Mitral valve prolapse (MVP) is a frequent affection of the mitral valve with a prevalence of 2-3% in the general population. This valvular disease is generally considered as benign, but may at term evolve toward mitral valve regurgitation of various severity and/or arrhythmia.

Mitral valve prolapse is routinely diagnosed using transthoracic echocardiography. Subsequent examinations (24-hour external loop recording, exercise electrocardiogram, cardiac Magnetic Resonance Imaging) and a close follow-up can be proposed to the patient depending on its condition.

More recently, detection of myocardial fibrosis and a mitral ring disjunction among patients with MVP were associated with the occurrence of severe ventricular arrhythmia.
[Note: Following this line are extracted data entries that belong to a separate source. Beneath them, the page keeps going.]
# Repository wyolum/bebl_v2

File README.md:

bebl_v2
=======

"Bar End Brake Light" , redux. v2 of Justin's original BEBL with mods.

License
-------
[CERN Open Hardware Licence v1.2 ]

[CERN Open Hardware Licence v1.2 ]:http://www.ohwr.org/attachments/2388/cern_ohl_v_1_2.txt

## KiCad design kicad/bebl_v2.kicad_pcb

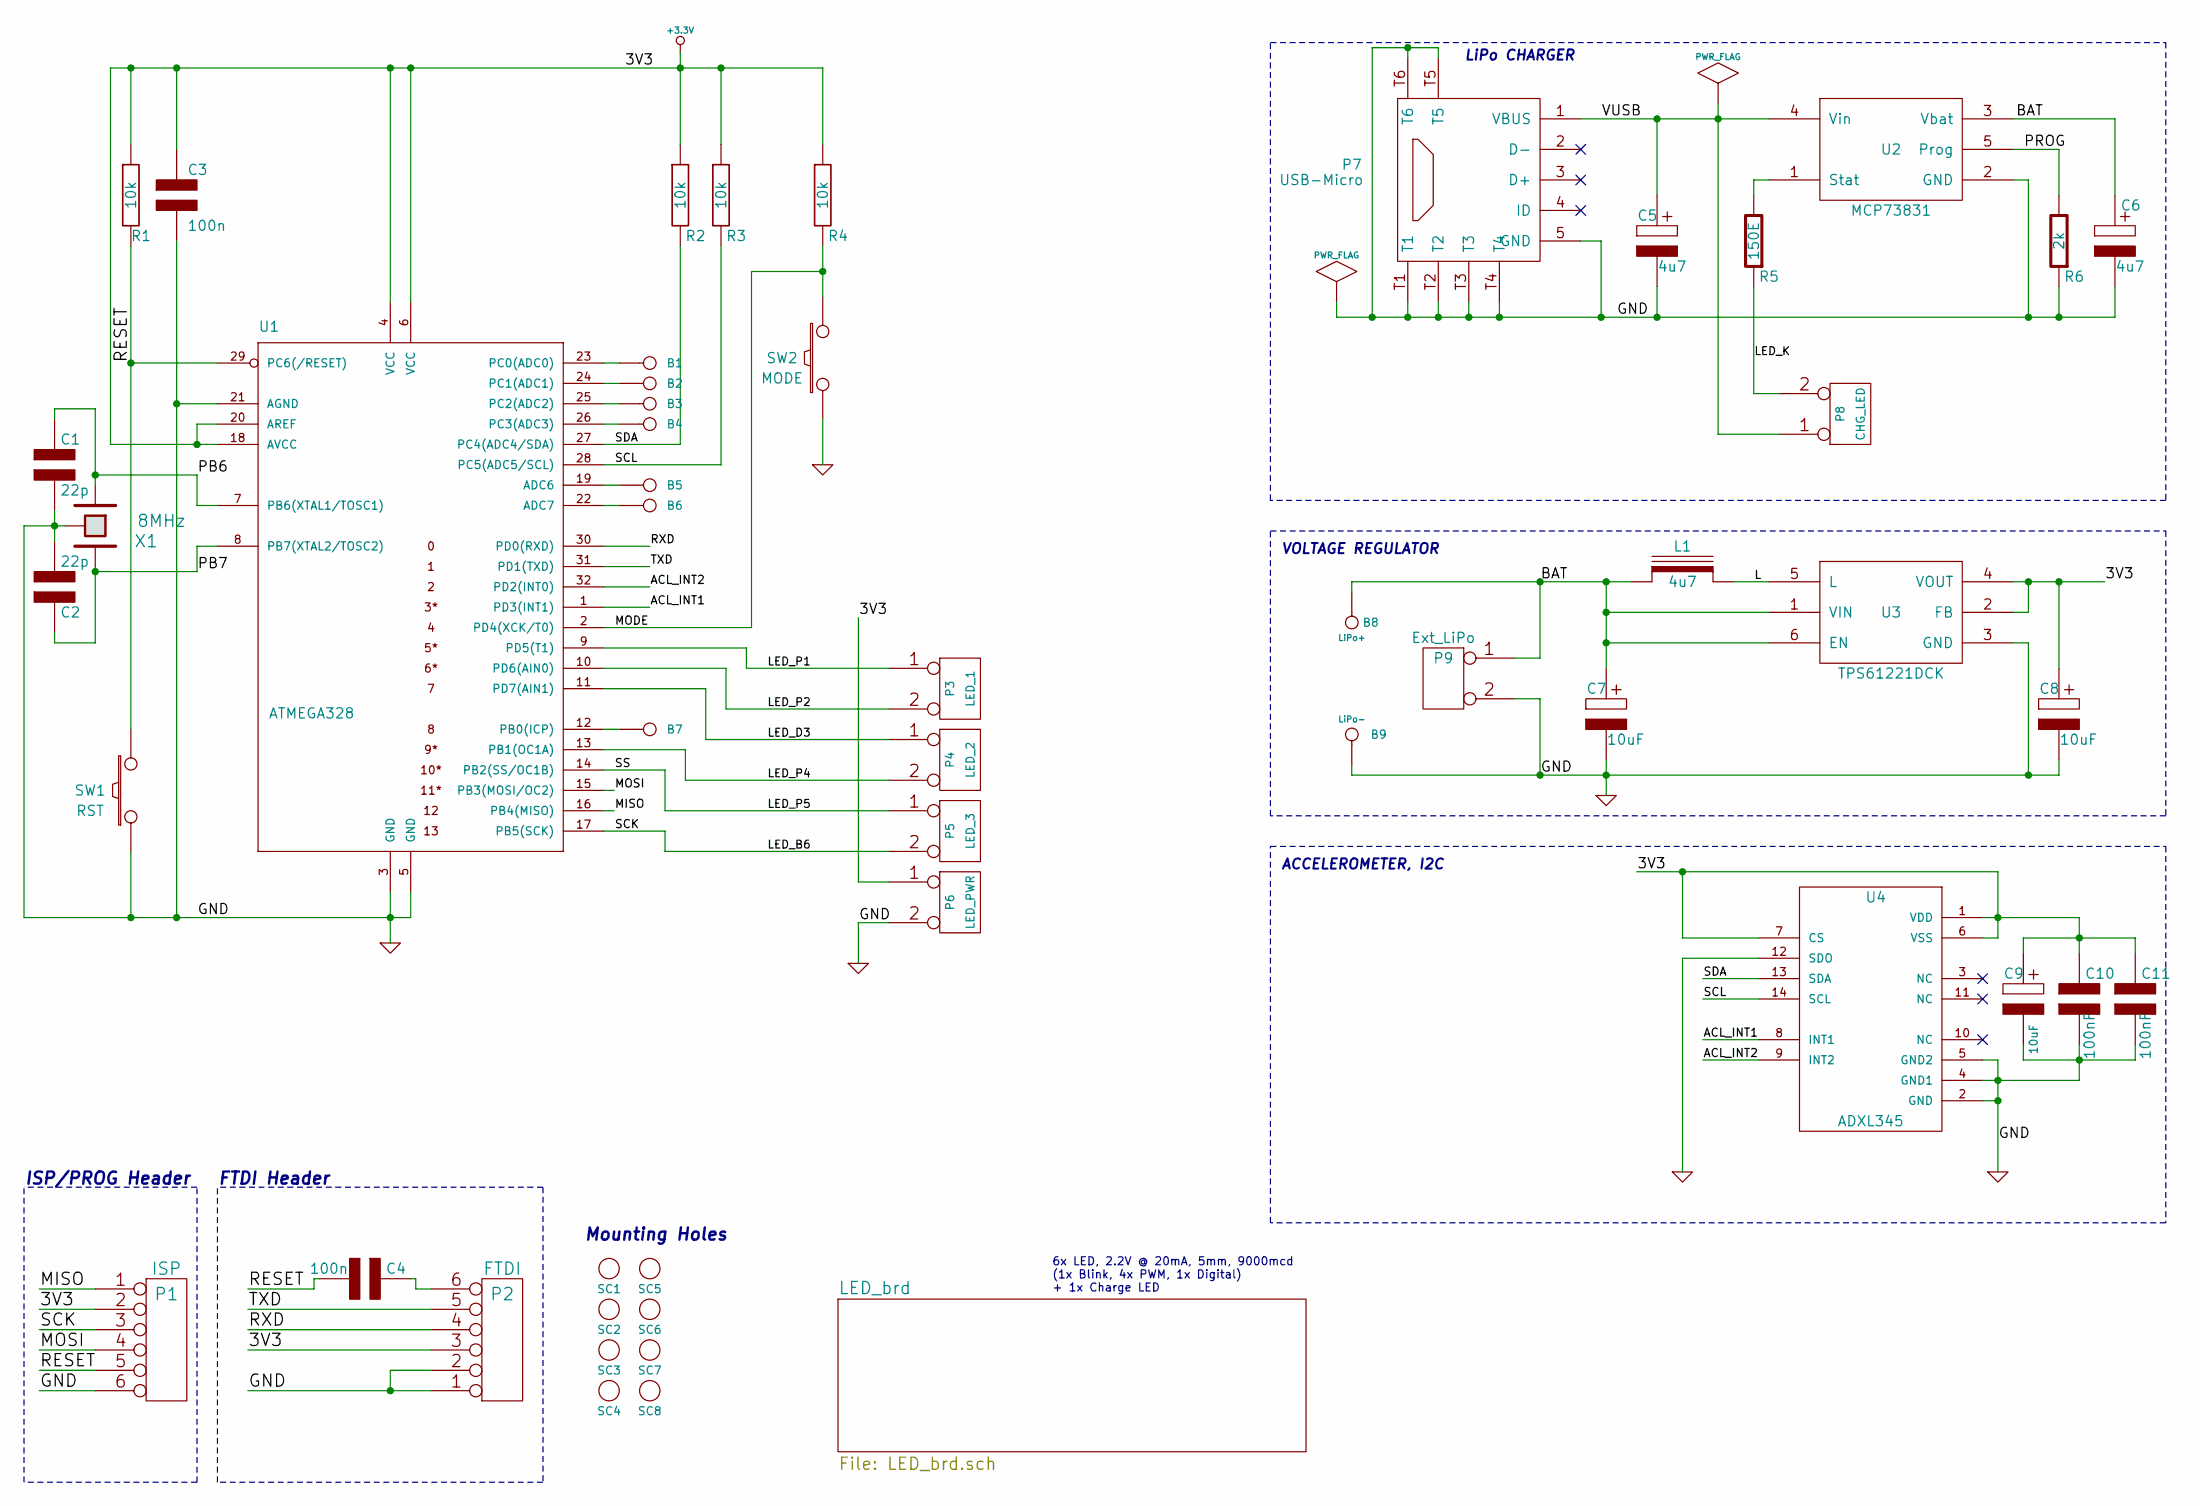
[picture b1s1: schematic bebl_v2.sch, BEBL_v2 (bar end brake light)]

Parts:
B1, B2, B3, B4, B5, B6, B7: I/O; breakout_smd
B8: LiPo+; batt_clip
B9: LiPo-; batt_clip
C1, C2: 22p; c_0805; Digikey 490-1734-1-ND
C3, C4: 100n; c_0805
C5, C6: 4u7; c_0805
C7, C8, C9: 10uF; c_0805
C10, C11: 100nF; c_0805
L1: 4u7; Inductor_LQH3NPN
P1: ISP; Header_3x2_ISP
P2: FTDI; PIN_ARRAY-6X1
P3: LED_1; pin_socket_2
P4: LED_2; pin_socket_2
P5: LED_3; pin_socket_2
P6: LED_PWR; pin_socket_2
P7: USB-Micro; USB_B_Micro
P8: CHG_LED; pin_socket_2
P9: Ext_LiPo; pin_socket_2
R1, R2, R3, R4: 10k; r_0805
R5: 150E; r_0805
R6: 2k; r_0805
SC1, SC2, SC3, SC4, SC5, SC6, SC7, SC8: SCREW; screw_3mm
SW1: RST; Switch_SMT
SW2: MODE; Switch_SMT
U1: ATMEGA328; TQFP32
U2: MCP73831; SOT23-5
U3: TPS61221DCK; SOT23-6_LDO
U4: ADXL345
X1: 8MHz; Xtal_SMD4

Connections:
+3.3V: C3.1, C8.1, C9.1, C10.1, C11.1, P1.2, P2.3, P6.1, R1.1, R2.1, R3.1, R4.1, U1.4 (VCC), U1.6 (VCC), U1.18 (AVCC), U1.20 (AREF), U3.2 (FB), U3.4 (VOUT), U4.1 (VDD), U4.6 (VSS), U4.7 (CS)
/ACL_INT1: U1.1 (PD3(INT1)), U4.8 (INT1)
/ACL_INT2: U1.32 (PD2(INT0)), U4.9 (INT2)
/BAT: B8.1, C6.1, C7.1, L1.1, P9.1, U2.3 (Vbat), U3.1 (VIN), U3.6 (EN)
/L: L1.2, U3.5 (L)
/LED_B6: P1.3, P5.2 (PM), U1.17 (PB5(SCK))
/LED_D3: P4.1, U1.11 (PD7(AIN1))
/LED_K: P8.2 (PM), R5.1
/LED_P1: P3.1, U1.9 (PD5(T1))
/LED_P2: P3.2 (PM), U1.10 (PD6(AIN0))
/LED_P4: P4.2 (PM), U1.13 (PB1(OC1A))
/LED_P5: P5.1, U1.14 (PB2(SS/OC1B))
/MISO: P1.1, U1.16 (PB4(MISO))
/MODE: R4.2, SW2.2, U1.2 (PD4(XCK/T0))
/MOSI: P1.4, U1.15 (PB3(MOSI/OC2))
/PB6: C1.1, U1.7 (PB6(XTAL1/TOSC1)), X1.1
/PROG: R6.2, U2.5 (Prog)
/RESET: C4.2, P1.5, R1.2, SW1.2, U1.29 (PC6(/RESET))
/RXD: P2.4, U1.30 (PD0(RXD))
/SCL: R3.2, U1.28 (PC5(ADC5/SCL)), U4.14 (SCL)
/SDA: R2.2, U1.27 (PC4(ADC4/SDA)), U4.13 (SDA)
/TXD: P2.5, U1.31 (PD1(TXD))
/VUSB: C5.1, P7.1 (VBUS), P8.1, U2.4 (Vin)
unnamed: B1.1, U1.23 (PC0(ADC0))
unnamed: B2.1, U1.24 (PC1(ADC1))
unnamed: B3.1, U1.25 (PC2(ADC2))
unnamed: B4.1, U1.26 (PC3(ADC3))
unnamed: B5.1, U1.19 (ADC6)
unnamed: B6.1, U1.22 (ADC7)
unnamed: B7.1, U1.12 (PB0(ICP))
unnamed: C4.1, P2.6
unnamed: R5.2, U2.1 (Stat)

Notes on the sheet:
FTDI Header
ISP/PROG Header
Mounting Holes
ACCELEROMETER, I2C
VOLTAGE REGULATOR
LiPo CHARGER
6x LED, 2.2V @ 20mA, 5mm, 9000mcd (1x Blink, 4x PWM, 1x Digital) + 1x Charge LED

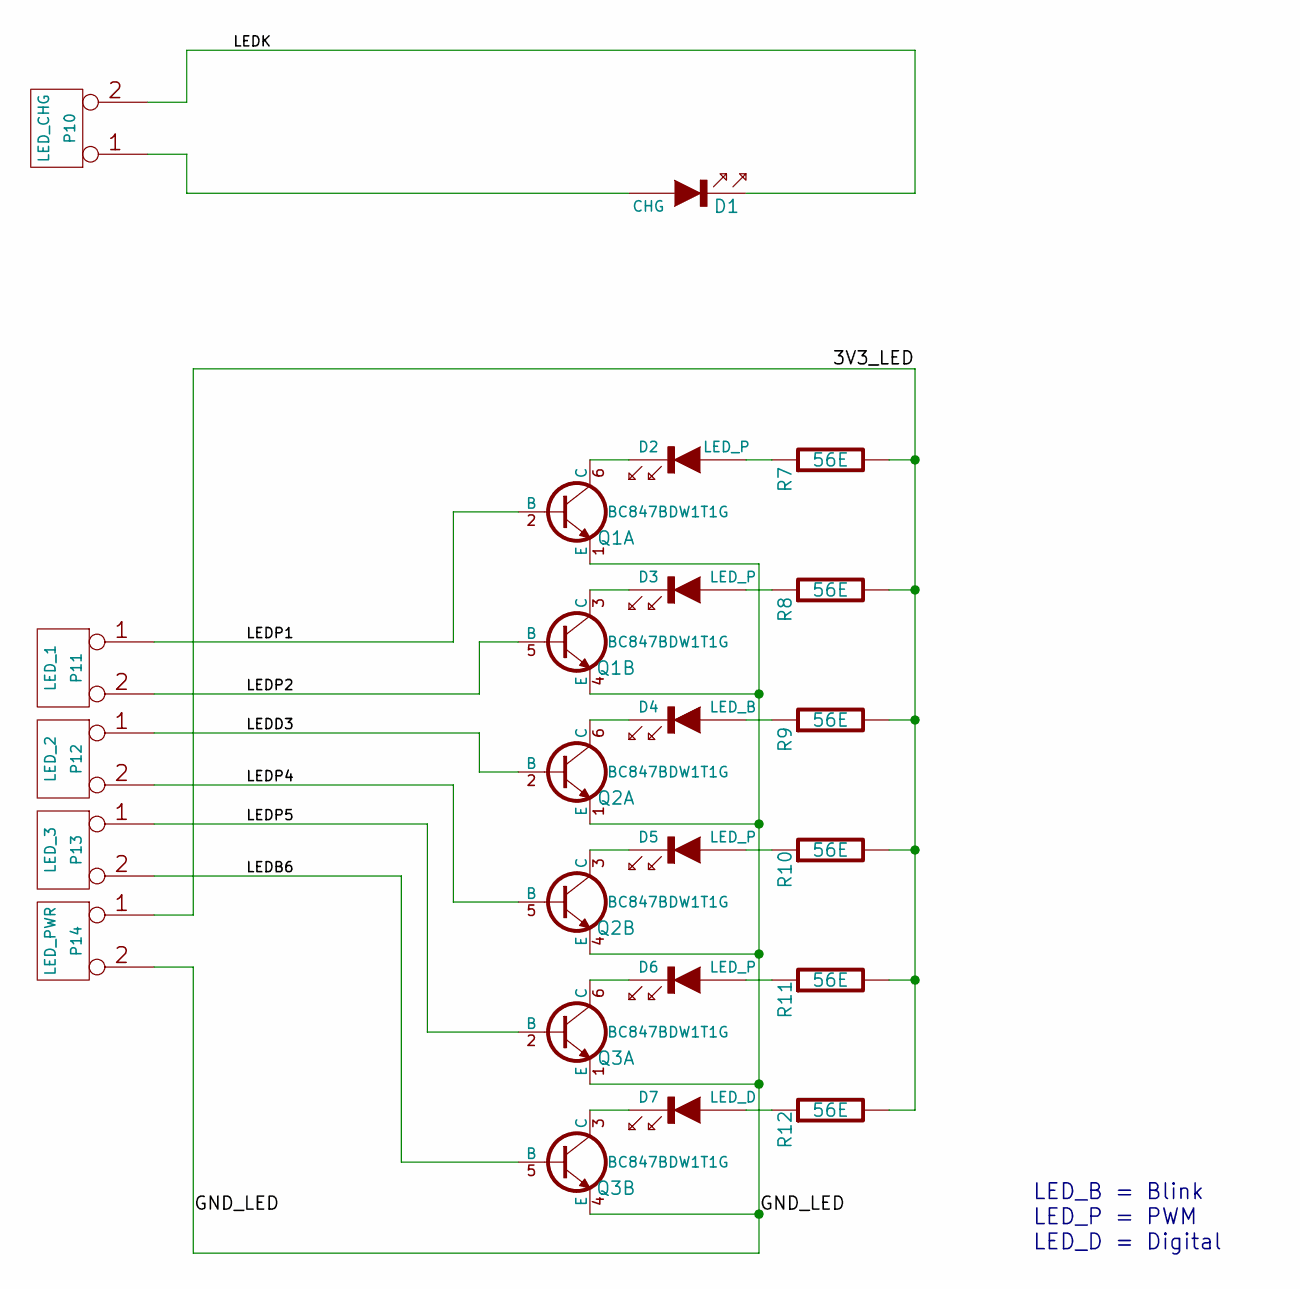
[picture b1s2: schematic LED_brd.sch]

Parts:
D1: CHG; LED-0805
D2, D3, D5, D6: LED_P; LED-5MM
D4: LED_B; LED-5MM
D7: LED_D; LED-5MM
P10: LED_CHG; pin_strip_2
P11: LED_1; pin_strip_2
P12: LED_2; pin_strip_2
P13: LED_3; pin_strip_2
P14: LED_PWR; pin_strip_2
Q1, Q2, Q3: BC847BDW1T1G; SOT23-6
R7, R8, R9, R10, R11, R12: 56E; r_0805

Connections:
/LED_brd/3V3_LED: P14.1, R7.2, R8.2, R9.2, R10.2, R11.2, R12.2
/LED_brd/GND_LED: P14.2 (PM), Q1.1 (E), Q1.4 (E), Q2.1 (E), Q2.4 (E), Q3.1 (E), Q3.4 (E)
/LED_brd/LEDB6: P13.2 (PM), Q3.5 (B)
/LED_brd/LEDD3: P12.1, Q2.2 (B)
/LED_brd/LEDK: D1.2 (K), P10.2 (PM)
/LED_brd/LEDP1: P11.1, Q1.2 (B)
/LED_brd/LEDP2: P11.2 (PM), Q1.5 (B)
/LED_brd/LEDP4: P12.2 (PM), Q2.5 (B)
/LED_brd/LEDP5: P13.1, Q3.2 (B)
unnamed: D1.1 (A), P10.1
unnamed: D2.1 (A), R7.1
unnamed: D2.2 (K), Q1.6 (C)
unnamed: D3.1 (A), R8.1
unnamed: D3.2 (K), Q1.3 (C)
unnamed: D4.1 (A), R9.1
unnamed: D4.2 (K), Q2.6 (C)
unnamed: D5.1 (A), R10.1
unnamed: D5.2 (K), Q2.3 (C)
unnamed: D6.1 (A), R11.1
unnamed: D6.2 (K), Q3.6 (C)
unnamed: D7.1 (A), R12.1
unnamed: D7.2 (K), Q3.3 (C)

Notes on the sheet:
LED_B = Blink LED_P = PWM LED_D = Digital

The investigators hypothesize that ventricular remodeling over time is mediated by the progression of mitral insufficiency severity from myocardial fibrosis secondary to MVP and possibly promoted by other mitral valve abnormalities. This remodeling, characterized by circulating biomarkers and imaging (MRI and echocardiography), could allow the identification of patients with a higher risk of severe ventricular arrhythmia.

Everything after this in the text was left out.